Report each line of the data that contains the string "ezdxf".

**The data:**
------------
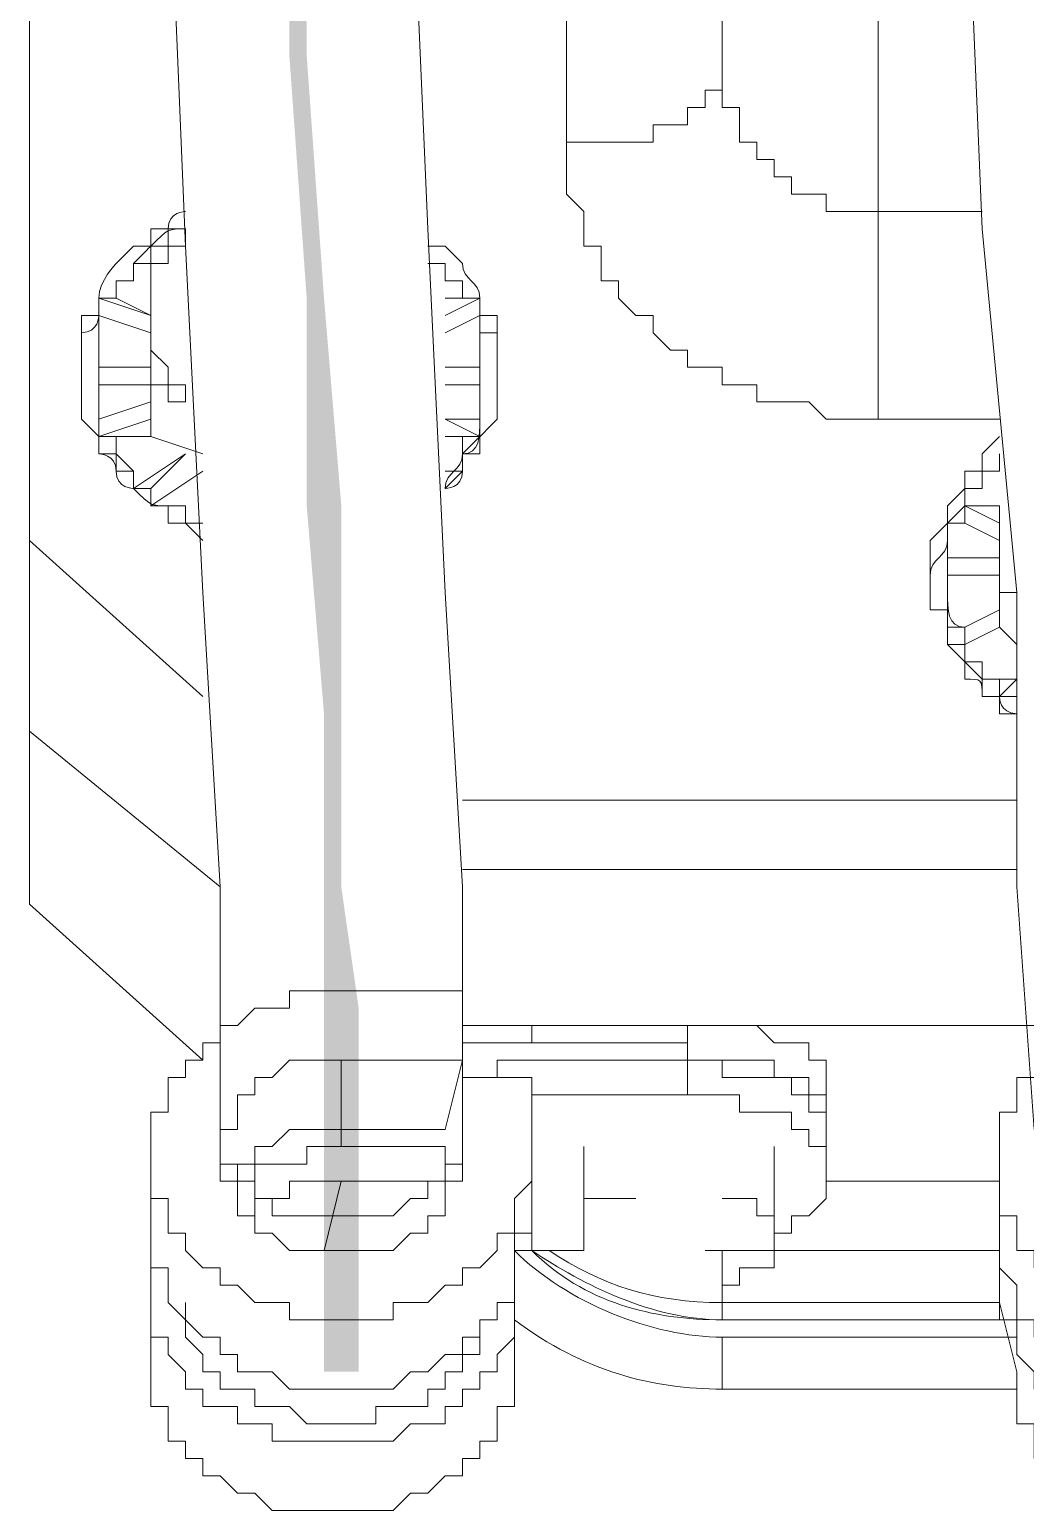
# Model space of a CAD drawing. Header units: millimetres. Extents: x 25083 to 52777, y 24772 to 45779.
# Drawn here: x 49529.03 to 49550.39, y 35925.07 to 35956.82 of the extents above; entities that cross this region are included whole.
import ezdxf

# ---------------------------------------------------------------- set-up
doc = ezdxf.new("R2010")
doc.units = ezdxf.units.MM

# ---------------------------------------------------------------- blocks, each defined once
blk = doc.blocks.new('zw$D2F4')
h = blk.add_hatch(color=7)
edge = h.paths.add_edge_path(flags=0)
edge.add_spline(control_points=[(643.937, 101.752), (643.937, 101.752), (643.937, 93.954), (643.937, 93.954), (643.937, 93.954), (644.308, 90.983), (644.308, 90.983), (644.308, 90.983), (644.679, 90.983), (644.679, 90.983), (644.679, 90.983), (644.679, 101.752), (644.679, 101.752), (644.679, 101.752), (643.937, 101.752), (643.937, 101.752), (643.937, 101.752), (643.937, 101.752), (643.937, 101.752)], knot_values=[0, 0, 0, 0, 1, 1, 1, 2, 2, 2, 3, 3, 3, 4, 4, 4, 5, 5, 5, 6, 6, 6, 6], degree=3, periodic=0)
edge = h.paths.add_edge_path(flags=0)
edge.add_spline(control_points=[(644.679, 80.585), (644.679, 80.585), (644.679, 75.757), (644.679, 75.757), (644.679, 75.757), (645.051, 70.558), (645.051, 70.558), (645.051, 70.558), (645.051, 66.102), (645.051, 66.102), (645.051, 66.102), (645.422, 61.646), (645.422, 61.646), (645.422, 61.646), (645.422, 55.332), (645.422, 55.332), (645.422, 55.332), (645.422, 53.104), (645.422, 53.104), (645.422, 53.104), (646.165, 53.104), (646.165, 53.104), (646.165, 53.104), (646.165, 55.332), (646.165, 55.332), (646.165, 55.332), (645.793, 57.932), (645.793, 57.932), (645.793, 57.932), (645.793, 66.102), (645.793, 66.102), (645.793, 66.102), (645.422, 70.558), (645.422, 70.558), (645.422, 70.558), (645.051, 75.757), (645.051, 75.757), (645.051, 75.757), (645.051, 80.585), (645.051, 80.585), (645.051, 80.585), (644.679, 80.585), (644.679, 80.585), (644.679, 80.585), (644.679, 80.585), (644.679, 80.585)], knot_values=[0, 0, 0, 0, 1, 1, 1, 2, 2, 2, 3, 3, 3, 4, 4, 4, 5, 5, 5, 6, 6, 6, 7, 7, 7, 8, 8, 8, 9, 9, 9, 10, 10, 10, 11, 11, 11, 12, 12, 12, 13, 13, 13, 14, 14, 14, 15, 15, 15, 15], degree=3, periodic=0)
h = blk.add_hatch(color=7)
h.dxf.hatch_style = 2
h.paths.add_polyline_path([(646.165, 51.619), (646.165, 53.104), (645.422, 53.104), (645.422, 51.619)])
h = blk.add_hatch(color=7)
h.dxf.hatch_style = 2
h.paths.add_polyline_path([(645.422, 51.619), (645.422, 47.534), (646.165, 47.534), (646.165, 51.619)])
at = {"color": 7, "lineweight": 5}
for points in [[(658.791, 102.124), (658.791, 90.983), (659.162, 80.956), (659.534, 72.044)], [(641.708, 101.752), (641.708, 90.612), (642.08, 80.585), (642.451, 71.672), (642.822, 64.245), (643.194, 57.932), (643.194, 53.104)], [(653.963, 89.498), (653.963, 75.386)], [(657.305, 86.898), (657.305, 67.959)], [(650.621, 73.9), (650.621, 86.527)], [(639.109, 57.561), (639.109, 84.67)], [(648.393, 53.104), (648.393, 57.932), (648.021, 64.245), (647.65, 72.044), (647.279, 80.585)], [(650.621, 73.9), (652.478, 73.9), (652.478, 74.272), (653.22, 74.272), (653.22, 74.643), (653.592, 74.643), (653.592, 75.015), (653.963, 75.015), (653.963, 75.386)], [(657.305, 72.415), (656.191, 72.415), (656.191, 72.786), (655.449, 72.786), (655.449, 73.158), (655.077, 73.158), (655.077, 73.529), (654.706, 73.529), (654.706, 73.9), (654.335, 73.9), (654.335, 74.643), (653.963, 74.643), (653.963, 75.386)], [(650.621, 73.9), (650.621, 72.786), (650.992, 72.415), (650.992, 71.672), (651.364, 71.672), (651.364, 70.93), (651.735, 70.93), (651.735, 70.558), (652.106, 70.187), (652.478, 70.187), (652.478, 69.815), (652.849, 69.444), (653.22, 69.444), (653.22, 69.073), (653.963, 69.073), (653.963, 68.701), (654.706, 68.701), (654.706, 68.33), (655.82, 68.33), (656.191, 67.959), (657.305, 67.959)], [(657.305, 72.415), (659.534, 72.415)], [(642.451, 72.044), (642.08, 72.044), (642.08, 71.672), (641.708, 71.672)], [(641.708, 70.187), (641.708, 71.301), (642.08, 71.301), (642.08, 71.672), (642.451, 71.672), (642.451, 72.044)], [(659.534, 72.044), (660.276, 64.245), (660.276, 57.932), (660.648, 52.733)], [(641.708, 67.587), (641.708, 71.672)], [(640.966, 70.558), (640.966, 70.93), (641.337, 70.93), (641.337, 71.301)], [(641.337, 71.301), (641.708, 71.301)], [(647.65, 71.301), (648.021, 71.301)], [(648.021, 71.301), (648.021, 70.93), (648.393, 70.93), (648.393, 70.558)], [(640.594, 70.558), (640.594, 70.187), (640.223, 70.187), (640.223, 69.073)], [(640.594, 70.558), (641.708, 70.187)], [(641.708, 70.187), (640.966, 70.558)], [(648.764, 70.558), (648.021, 70.187)], [(648.393, 70.558), (648.021, 70.558)], [(640.594, 70.187), (641.708, 69.815)], [(640.594, 69.073), (640.594, 70.187)], [(642.451, 68.33), (642.451, 68.701), (642.08, 68.701), (642.08, 69.073), (641.708, 69.444), (641.708, 69.815), (641.708, 70.187)], [(648.021, 69.815), (648.764, 70.187)], [(649.136, 69.073), (649.136, 70.187), (648.764, 70.187)], [(640.223, 69.073), (640.223, 67.959)], [(640.594, 69.073), (641.708, 69.073)], [(641.708, 69.073), (640.594, 69.073)], [(648.764, 69.073), (648.021, 69.073)], [(648.021, 69.073), (648.764, 69.073)], [(649.136, 67.959), (649.136, 69.073)], [(641.708, 68.701), (640.594, 68.701)], [(642.451, 68.33), (642.08, 68.33), (642.08, 68.701), (641.708, 68.701)], [(648.021, 68.701), (648.764, 68.701)], [(648.764, 68.33), (648.764, 68.701)], [(641.708, 68.33), (640.594, 67.959)], [(640.594, 68.33), (640.594, 67.216)], [(640.594, 67.587), (641.708, 67.959)], [(648.764, 67.587), (648.021, 67.959)], [(648.764, 67.959), (648.021, 67.959)], [(659.905, 67.959), (657.305, 67.959)], [(640.966, 67.216), (640.594, 67.216), (640.594, 67.587)], [(640.966, 67.216), (640.594, 67.216), (640.594, 67.587)], [(640.966, 67.587), (641.708, 67.587)], [(641.337, 66.473), (641.337, 66.845), (640.966, 67.216), (640.966, 67.587)], [(642.822, 67.216), (641.708, 67.587)], [(648.021, 67.587), (648.393, 67.587)], [(648.393, 67.587), (648.393, 66.845), (648.021, 66.845)], [(640.966, 66.845), (640.966, 67.216)], [(640.966, 66.845), (640.966, 67.216)], [(640.966, 67.216), (640.966, 66.845)], [(642.451, 67.216), (641.337, 66.473)], [(641.708, 66.473), (642.451, 67.216)], [(659.162, 66.102), (659.162, 66.473), (659.534, 66.473), (659.534, 66.845), (659.905, 66.845), (659.905, 67.216)], [(659.534, 67.216), (659.534, 66.845), (659.162, 66.845), (659.162, 66.473)], [(659.905, 67.216), (659.905, 66.845)], [(641.337, 66.473), (641.337, 66.845), (640.966, 66.845)], [(641.337, 66.473), (641.337, 66.845), (640.966, 66.845)], [(641.708, 66.102), (642.822, 66.845)], [(642.08, 66.102), (641.708, 66.102), (641.708, 66.473), (641.337, 66.473)], [(642.822, 65.731), (642.451, 65.731), (642.451, 66.102), (641.708, 66.102)], [(642.08, 65.731), (642.08, 66.102)], [(658.791, 66.102), (658.791, 65.731), (658.42, 65.359), (658.42, 64.988)], [(659.162, 66.102), (659.905, 65.731)], [(659.905, 66.102), (659.162, 66.102)], [(659.905, 63.502), (659.905, 66.102)], [(658.791, 64.988), (658.791, 65.731), (659.162, 65.731)], [(659.162, 65.731), (659.905, 65.359)], [(642.822, 62.017), (639.109, 65.359)], [(659.905, 64.988), (658.791, 64.988)], [(658.42, 64.616), (658.42, 63.874), (658.791, 63.874), (658.791, 63.502)], [(659.905, 64.616), (658.791, 64.616)], [(658.791, 64.616), (659.905, 64.616)], [(658.791, 63.874), (658.791, 64.245)], [(658.791, 63.874), (658.791, 63.131)], [(659.905, 63.874), (659.162, 63.502)], [(659.162, 63.131), (659.905, 63.502)], [(659.162, 63.131), (659.905, 63.502)], [(660.276, 63.131), (659.905, 63.502)], [(659.162, 62.76), (659.162, 63.131), (658.791, 63.131)], [(659.162, 62.76), (659.162, 63.131), (658.791, 63.131)], [(659.905, 62.388), (659.534, 62.388), (659.534, 62.76), (659.162, 62.76), (659.162, 63.131)], [(659.534, 62.017), (659.534, 62.388), (659.162, 62.76)], [(659.534, 62.017), (659.534, 62.388), (659.162, 62.76)], [(659.905, 62.017), (660.276, 62.388)], [(660.276, 62.388), (659.905, 62.388)], [(660.276, 61.646), (659.905, 61.646), (659.905, 62.017)], [(639.109, 61.274), (643.194, 57.932)], [(660.276, 59.789), (648.393, 59.789)], [(660.276, 58.303), (648.393, 58.303)], [(639.109, 57.561), (642.822, 54.218)], [(643.194, 54.59), (643.194, 54.961), (643.565, 54.961), (643.937, 55.332), (644.679, 55.332), (644.679, 55.704), (645.422, 55.704), (645.793, 55.704)], [(645.793, 55.704), (648.393, 55.704)], [(648.393, 55.704), (648.393, 54.218)], [(660.648, 54.961), (648.393, 54.961)], [(649.878, 54.961), (653.22, 54.961)], [(649.878, 54.59), (649.878, 54.961)], [(649.878, 54.961), (649.878, 54.59)], [(653.22, 54.961), (653.22, 54.59)], [(656.191, 53.476), (656.191, 54.218), (655.82, 54.218), (655.82, 54.59), (655.449, 54.59), (655.077, 54.59), (654.706, 54.961), (653.22, 54.961)], [(641.708, 52.362), (641.708, 53.104), (642.08, 53.104), (642.08, 53.847), (642.451, 53.847), (642.451, 54.218), (642.822, 54.218), (642.822, 54.59), (643.194, 54.59)], [(653.22, 54.59), (648.393, 54.59)], [(648.393, 54.59), (649.878, 54.59)], [(656.191, 52.733), (656.191, 53.476), (655.82, 53.476), (655.82, 53.847), (655.449, 53.847), (655.077, 53.847), (655.077, 54.218), (653.22, 54.218), (653.22, 54.59)], [(645.793, 54.218), (644.679, 54.218), (644.308, 53.847), (643.937, 53.847), (643.937, 53.476), (643.565, 53.476), (643.565, 52.733), (643.194, 52.733), (643.194, 52.362)], [(648.393, 54.218), (645.793, 54.218)], [(645.793, 54.218), (645.793, 52.733)], [(648.393, 54.218), (648.021, 52.733)], [(648.764, 53.847), (649.136, 53.847), (649.136, 54.218), (649.507, 54.218)], [(649.507, 54.218), (653.22, 54.218)], [(653.22, 54.218), (653.22, 53.476)], [(656.191, 52.733), (656.191, 53.104), (655.82, 53.104), (655.82, 53.476), (655.449, 53.476), (655.449, 53.847), (655.077, 53.847), (653.963, 53.847), (653.963, 54.218), (653.22, 54.218)], [(648.393, 53.847), (649.878, 53.847)], [(649.507, 53.847), (649.136, 53.847)], [(649.878, 53.847), (649.507, 53.847)], [(649.878, 53.476), (649.878, 53.847)], [(649.878, 53.847), (649.878, 51.99)], [(649.878, 53.847), (649.878, 50.505)], [(659.905, 51.619), (659.905, 53.104), (660.276, 53.104), (660.276, 53.847), (660.648, 53.847)], [(653.22, 53.476), (649.878, 53.476)], [(649.878, 53.476), (649.878, 50.133)], [(656.191, 51.619), (656.191, 52.362), (655.82, 52.362), (655.82, 52.733), (655.449, 52.733), (655.449, 53.104), (654.335, 53.104), (654.335, 53.476), (653.22, 53.476)], [(656.191, 53.476), (656.191, 52.733)], [(643.194, 52.362), (643.194, 53.104)], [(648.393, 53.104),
------------
**Written solution:**
import ezdxf
doc = ezdxf.new("R2010")
doc.units = ezdxf.units.MM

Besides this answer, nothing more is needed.